In fact, two-step sampling mimics the actual sampling process. A team samples one plot in region/island X and generates the species–area curve, which should be typically convex. Then the team continues to sample another plot with a certain distance in region/island Y for comparison or other research purposes, which is another step sampling. Then another set of points (maybe just one point will be used to represent the total number of species in the Y(isolate species–area relationship) or X + Y(species accumulation curve)) will be added in the above species–area curve if they are put together to reflect the spatial pattern of total biodiversity. Usually the team would not sample different plots in the region/island X + Y (X∪Y) at the same time due to the research/logistics reasons and obtain only one convex. In fact, the island (isolate) species–area relationship and species accumulation curve cannot be compared directly as they have different properties (Matthews et al. 2021).
Different sampling strategies can cause different SARs and other ecological phenomena. Thus, it is of great significance to establish coherent and comprehensive sampling from local to global scales, and it is the time to reconstruct ecological sampling theory and method. In addition, it should be careful to compare the SARs from different sampling methods. Before exploring biological or ecological mechanisms for natural phenomena, we should firstly identify or exclude the potential mathematical, statistical or sampling reasons.
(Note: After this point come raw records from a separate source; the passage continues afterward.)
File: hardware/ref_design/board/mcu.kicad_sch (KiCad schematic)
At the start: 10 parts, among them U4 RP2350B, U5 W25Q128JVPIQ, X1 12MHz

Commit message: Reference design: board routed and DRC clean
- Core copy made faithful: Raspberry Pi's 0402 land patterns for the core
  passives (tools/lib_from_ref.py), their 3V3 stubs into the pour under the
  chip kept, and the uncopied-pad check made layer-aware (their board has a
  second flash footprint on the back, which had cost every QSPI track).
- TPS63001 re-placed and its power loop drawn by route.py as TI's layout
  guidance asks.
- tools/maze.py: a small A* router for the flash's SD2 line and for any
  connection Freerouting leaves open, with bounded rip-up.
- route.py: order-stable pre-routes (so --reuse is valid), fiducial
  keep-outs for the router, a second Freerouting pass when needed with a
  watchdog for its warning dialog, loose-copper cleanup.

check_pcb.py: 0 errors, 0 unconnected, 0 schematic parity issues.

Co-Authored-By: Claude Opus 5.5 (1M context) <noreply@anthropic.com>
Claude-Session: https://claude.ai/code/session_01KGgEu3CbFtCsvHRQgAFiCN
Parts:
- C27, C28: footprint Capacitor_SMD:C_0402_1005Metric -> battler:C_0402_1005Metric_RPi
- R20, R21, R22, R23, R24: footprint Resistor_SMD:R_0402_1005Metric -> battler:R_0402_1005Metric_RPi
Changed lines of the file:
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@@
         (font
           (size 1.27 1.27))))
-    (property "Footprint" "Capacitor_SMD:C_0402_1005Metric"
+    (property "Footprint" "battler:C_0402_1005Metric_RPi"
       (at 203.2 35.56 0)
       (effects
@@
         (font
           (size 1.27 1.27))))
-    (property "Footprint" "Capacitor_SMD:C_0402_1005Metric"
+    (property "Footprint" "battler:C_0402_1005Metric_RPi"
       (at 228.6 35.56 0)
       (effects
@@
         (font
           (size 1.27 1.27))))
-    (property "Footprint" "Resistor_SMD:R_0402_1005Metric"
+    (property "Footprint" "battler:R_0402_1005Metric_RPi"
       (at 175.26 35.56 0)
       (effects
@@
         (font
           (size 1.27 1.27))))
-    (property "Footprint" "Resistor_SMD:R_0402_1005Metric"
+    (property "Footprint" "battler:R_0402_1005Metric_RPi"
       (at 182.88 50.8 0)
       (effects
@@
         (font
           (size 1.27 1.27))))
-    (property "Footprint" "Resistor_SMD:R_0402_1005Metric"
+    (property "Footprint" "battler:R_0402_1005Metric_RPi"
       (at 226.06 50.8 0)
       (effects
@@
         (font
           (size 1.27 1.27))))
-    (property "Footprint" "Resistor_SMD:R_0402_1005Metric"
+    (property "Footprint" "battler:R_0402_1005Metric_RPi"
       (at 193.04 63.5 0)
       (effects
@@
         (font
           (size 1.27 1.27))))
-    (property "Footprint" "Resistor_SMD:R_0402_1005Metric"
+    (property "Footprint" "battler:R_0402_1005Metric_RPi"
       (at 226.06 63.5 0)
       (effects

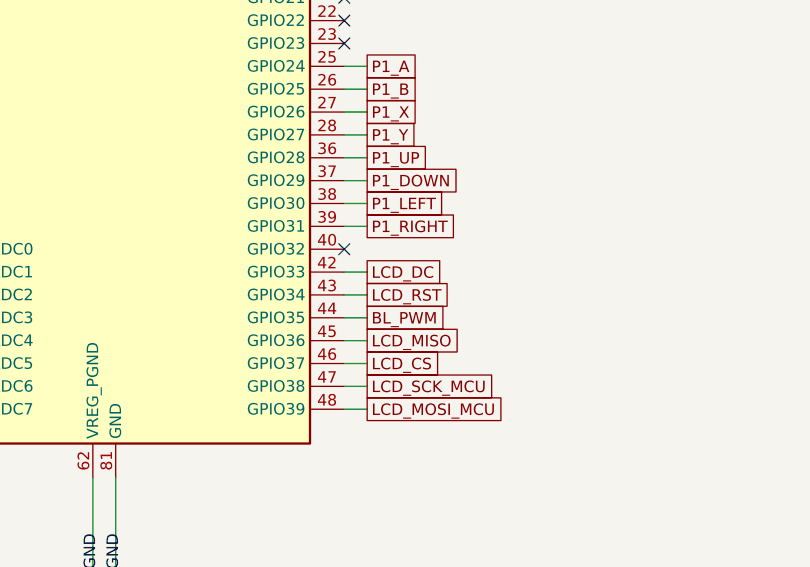
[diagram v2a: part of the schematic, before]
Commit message: Reference design: QD3525 panel, fab outputs, fit check
The $25-35 Displaytech DT035 is replaced by the QD3525, a bare 3.5in IPS
ST7796U panel of the same class at about $5-8 with a published drawing
and pinout (the panel inside LCDwiki's MSP3525 module).

- J3 is now the landing for its 48-contact solder tail (tools/fp_panel.py),
  wired as the maker's module wires it; TE goes to GPIO32.
- Backlight: an AP3156 charge pump drives each of the six parallel LEDs
  through its own current sink, set over one GPIO (BL_SDI). Its symbol
  comes from tools/sym_lib.py (Konnect's create_symbol draws no body).
- case.scad is built around a fixed panel bay, so the board outline,
  buttons and screws stay put; the lid, lens and STLs follow the panel.
- Routing: fan-out vias kept off pads, the AP3156's GND pins stubbed into
  its thermal pad, loose copper trimmed at the end; silk.py re-runnable.
- fab/: gerbers and drill, JLC BOM (40 part numbers) and CPL (91
  placements), STEP, renders, schematic and assembly PDFs.

check_netlist: PASS. ERC: 0 errors. DRC: 0 errors, 0 unconnected,
0 parity issues (2 cosmetic silk warnings at the USB-C). check_fit: PASS.

Co-Authored-By: Claude Opus 5.5 (1M context) <noreply@anthropic.com>
Claude-Session: https://claude.ai/code/session_01KGgEu3CbFtCsvHRQgAFiCN
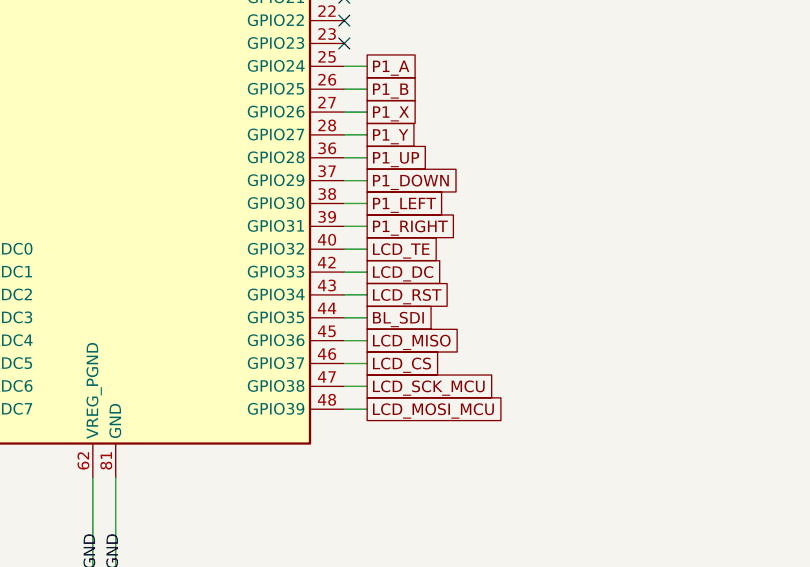
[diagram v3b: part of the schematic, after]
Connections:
- net LCD_TE: now reaches U4.40 (GPIO32)
- net BL_PWM renamed BL_SDI
- no-connect marks 9 -> 8
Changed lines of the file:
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@@
-)
-  (no_connect
-    (at 99.06 127)
 )
   (no_connect
@@
       (xy 99.06 124.46)
       (xy 101.6 124.46))
+)
+  (wire
+    (pts
+      (xy 99.06 127)
+      (xy 101.6 127))
 )
   (wire
@@
     (at 101.6 124.46 0)
 )
+  (global_label "LCD_TE"
+    (shape passive)
+    (at 101.6 127 0)
+)
   (global_label "LCD_DC"
     (shape passive)
@@
     (at 101.6 132.08 0)
 )
-  (global_label "BL_PWM"
+  (global_label "BL_SDI"
     (shape passive)
     (at 101.6 134.62 0)

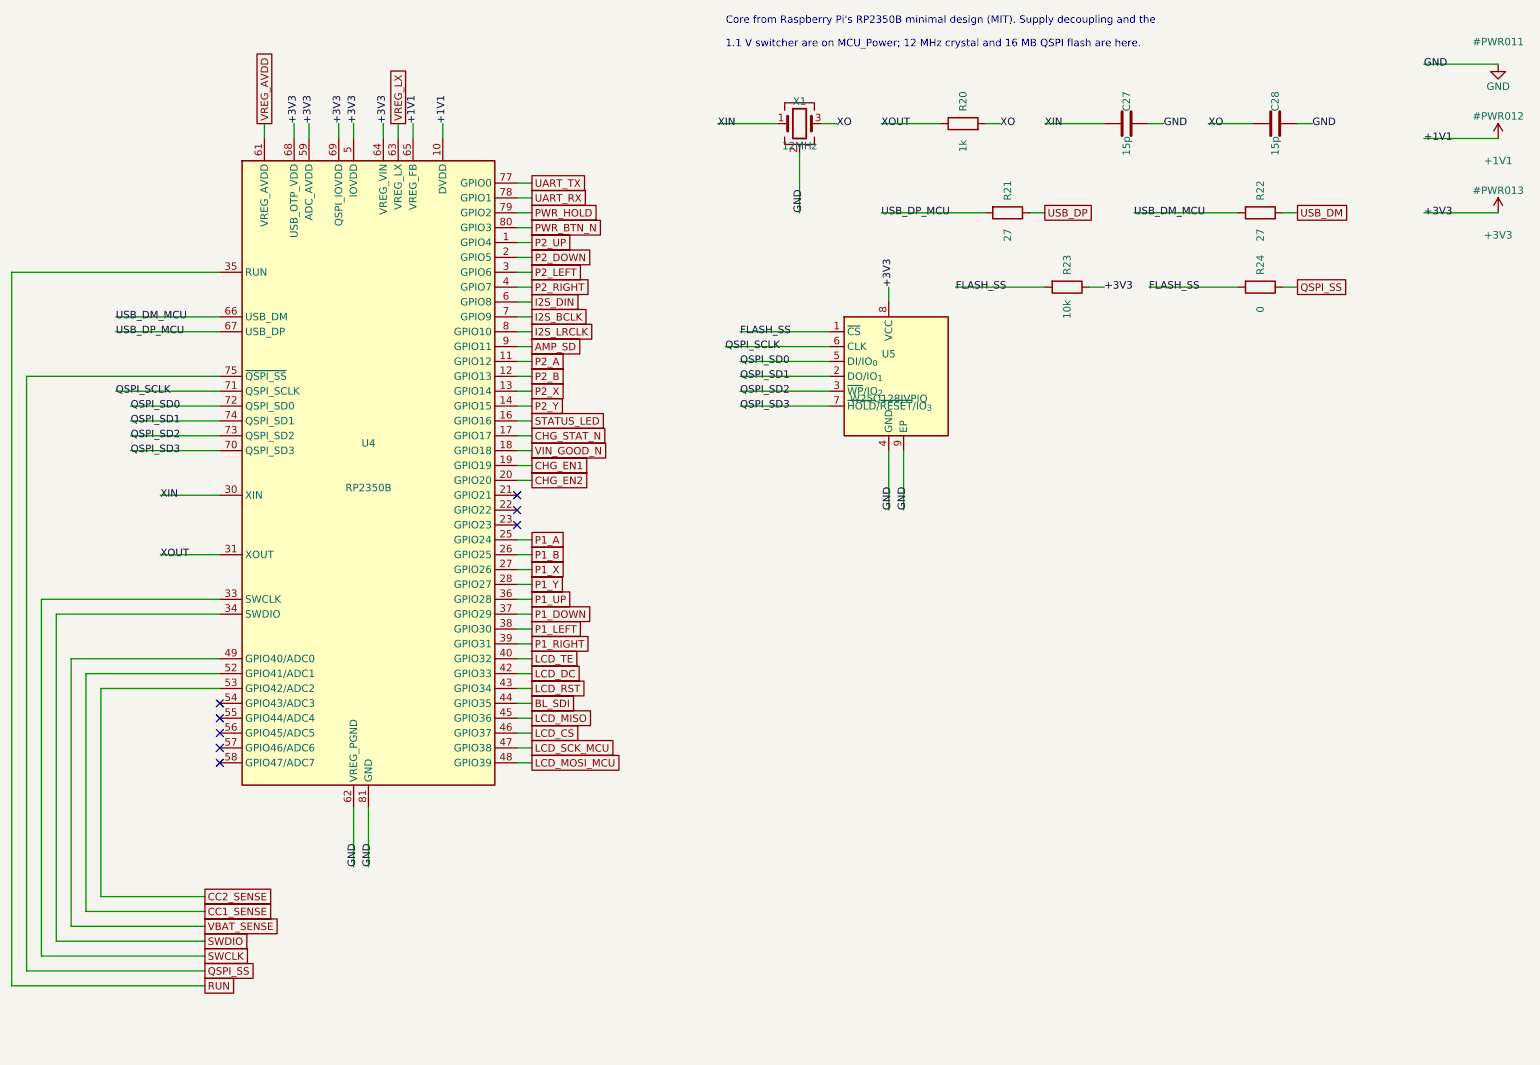
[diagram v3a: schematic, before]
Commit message: 2-layer fork: approved circuit changes in the design data and schematic
TP4056 charger (500 mA, TEMP grounded) with USB load sharing (B5819W, AO3401A
gate fed through a BAT54WS so it switches at once on an unplug, 22 uF on VSYS),
ME6211 3V3 LDO on the power latch, RP2354B with its flash inside (only the
QSPI_SS strap outside), 27 ohm 0603 USB resistors, SRV05-4 ESD, PWM audio
through two RC poles into an FM8002A, seat 1's Y contact as the power button,
no LEDs, no thermistor. Thermal-via footprints use 0.3 mm holes. Netlist
check passes, ERC 0 errors.

Co-Authored-By: Claude Opus 5.5 <noreply@anthropic.com>
Claude-Session: https://claude.ai/code/session_01KGgEu3CbFtCsvHRQgAFiCN
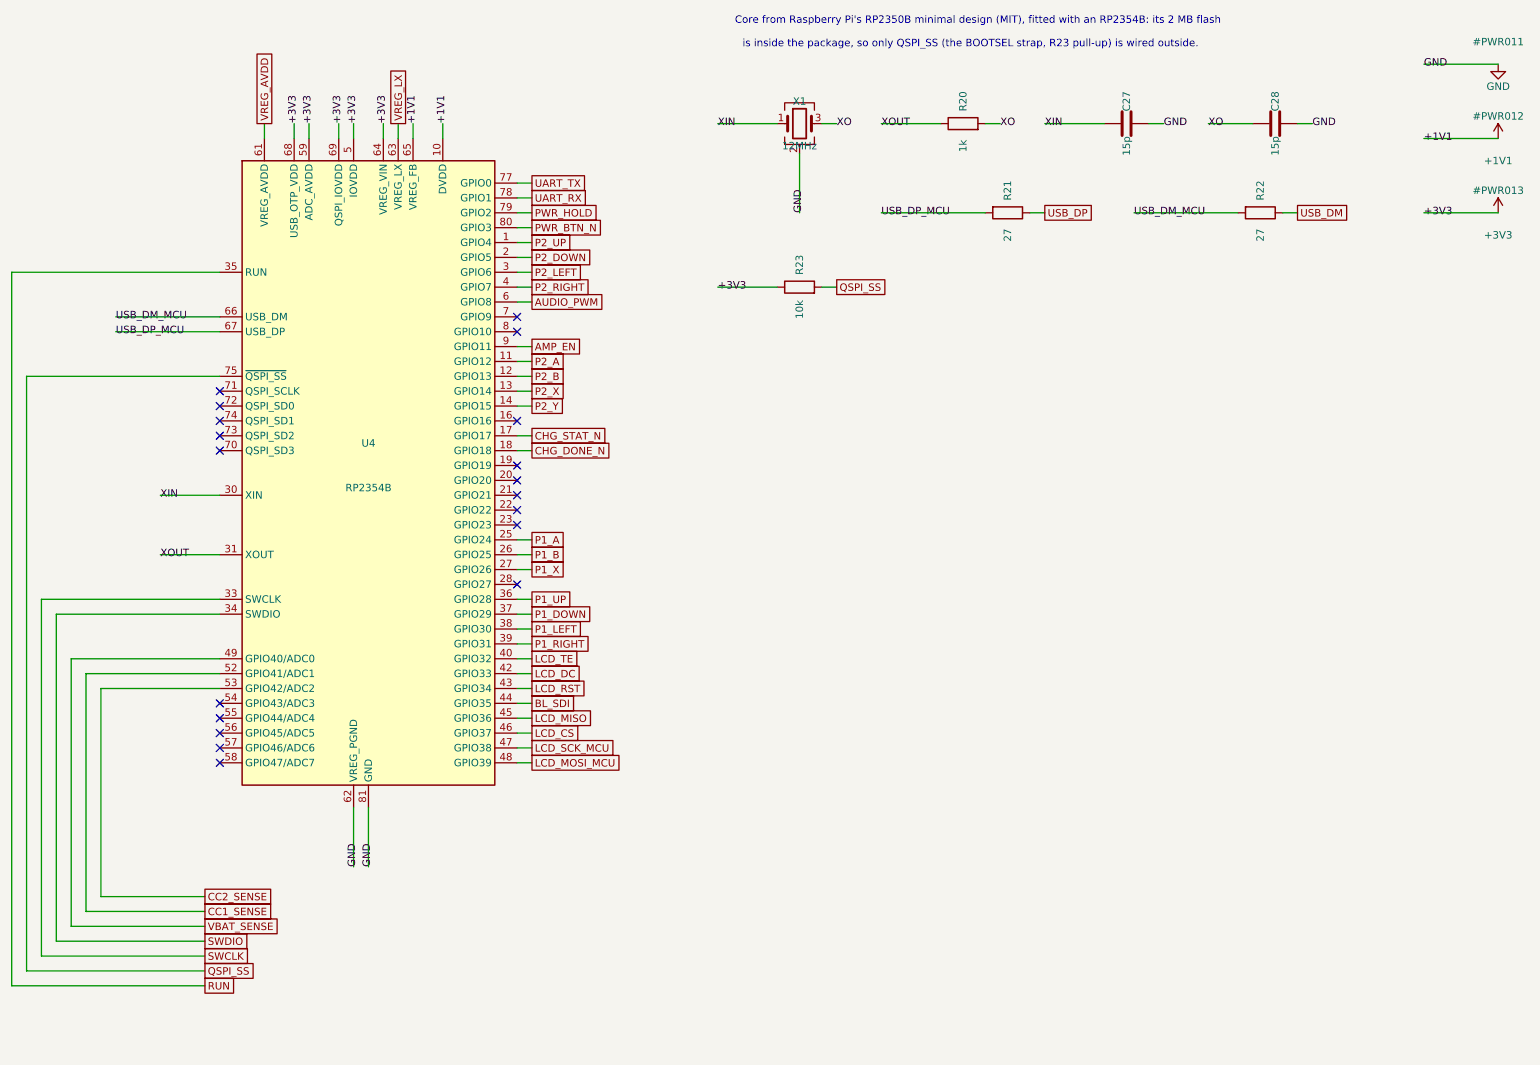
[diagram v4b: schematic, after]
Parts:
- removed R24: 0, battler:R_0402_1005Metric_RPi, symbol Device:R
- removed U5: W25Q128JVPIQ, Package_SON:WSON-8-1EP_6x5mm_P1.27mm_EP3.4x4.3mm, symbol Memory_Flash:W25Q32JVZP
- R21, R22: footprint battler:R_0402_1005Metric_RPi -> Resistor_SMD:R_0603_1608Metric; LCSC C25100 -> C25190; MPN 0402WGF270JTCE -> 0603WAF270JT5E
- U4: value RP2350B -> RP2354B; LCSC C42415655 -> C39843328; MPN RP2350B -> RP2354B
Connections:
- net FLASH_SS is gone; now on net QSPI_SS: R23.2
- net AMP_SD renamed AMP_EN
- net CHG_EN1: no longer names the net of U4.19 (GPIO19)
- net CHG_EN2: no longer names the net of U4.20 (GPIO20)
- net I2S_BCLK: no longer names the net of U4.7 (GPIO9)
- net I2S_DIN renamed AUDIO_PWM
- net I2S_LRCLK: no longer names the net of U4.8 (GPIO10)
- net P1_Y: no longer names the net of U4.28 (GPIO27)
- net QSPI_SCLK: no longer names the net of U4.71 (QSPI_SCLK)
- net QSPI_SD0: no longer names the net of U4.72 (QSPI_SD0)
- net QSPI_SD1: no longer names the net of U4.74 (QSPI_SD1)
- net QSPI_SD2: no longer names the net of U4.73 (QSPI_SD2)
- net QSPI_SD3: no longer names the net of U4.70 (QSPI_SD3)
- net STATUS_LED: no longer names the net of U4.16 (GPIO16)
- net VIN_GOOD_N renamed CHG_DONE_N
- no-connect marks 8 -> 19
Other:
- note added: "Core from Raspberry Pi's RP2350B minimal design (MIT), fitted with an RP2354B: its 2 MB flash"
- note added: "is inside the package, so only QSPI_SS (the BOOTSEL strap, R23 pull-up) is wired outside."
- note removed: "1.1 V switcher are on MCU_Power; 12 MHz crystal and 16 MB QSPI flash are here."
- note removed: "Core from Raspberry Pi's RP2350B minimal design (MIT). Supply decoupling and the"

Though many hypotheses have been adopted to explain practical phenomena, it does not necessarily mean that the results can be fully or only explained by such hypotheses. The results, however, might be caused by sampling tactics or the combination of sampling strategy and biological or ecological mechanisms. For triphasic SAR, the speciation may result in more species in the large area, but the sampling can lead to several phases.
Funding
The work was supported by the National Key R&D Program of China (2018YFF0214905 and 2016YFC1200802).
Acknowledgements
The author is thankful to the reviewers for their valuable inputs on a previous draft of this article. The views and opinions presented in this article are those of the author.
Conflict of interest statement. The author declares that he has no conflict of interest.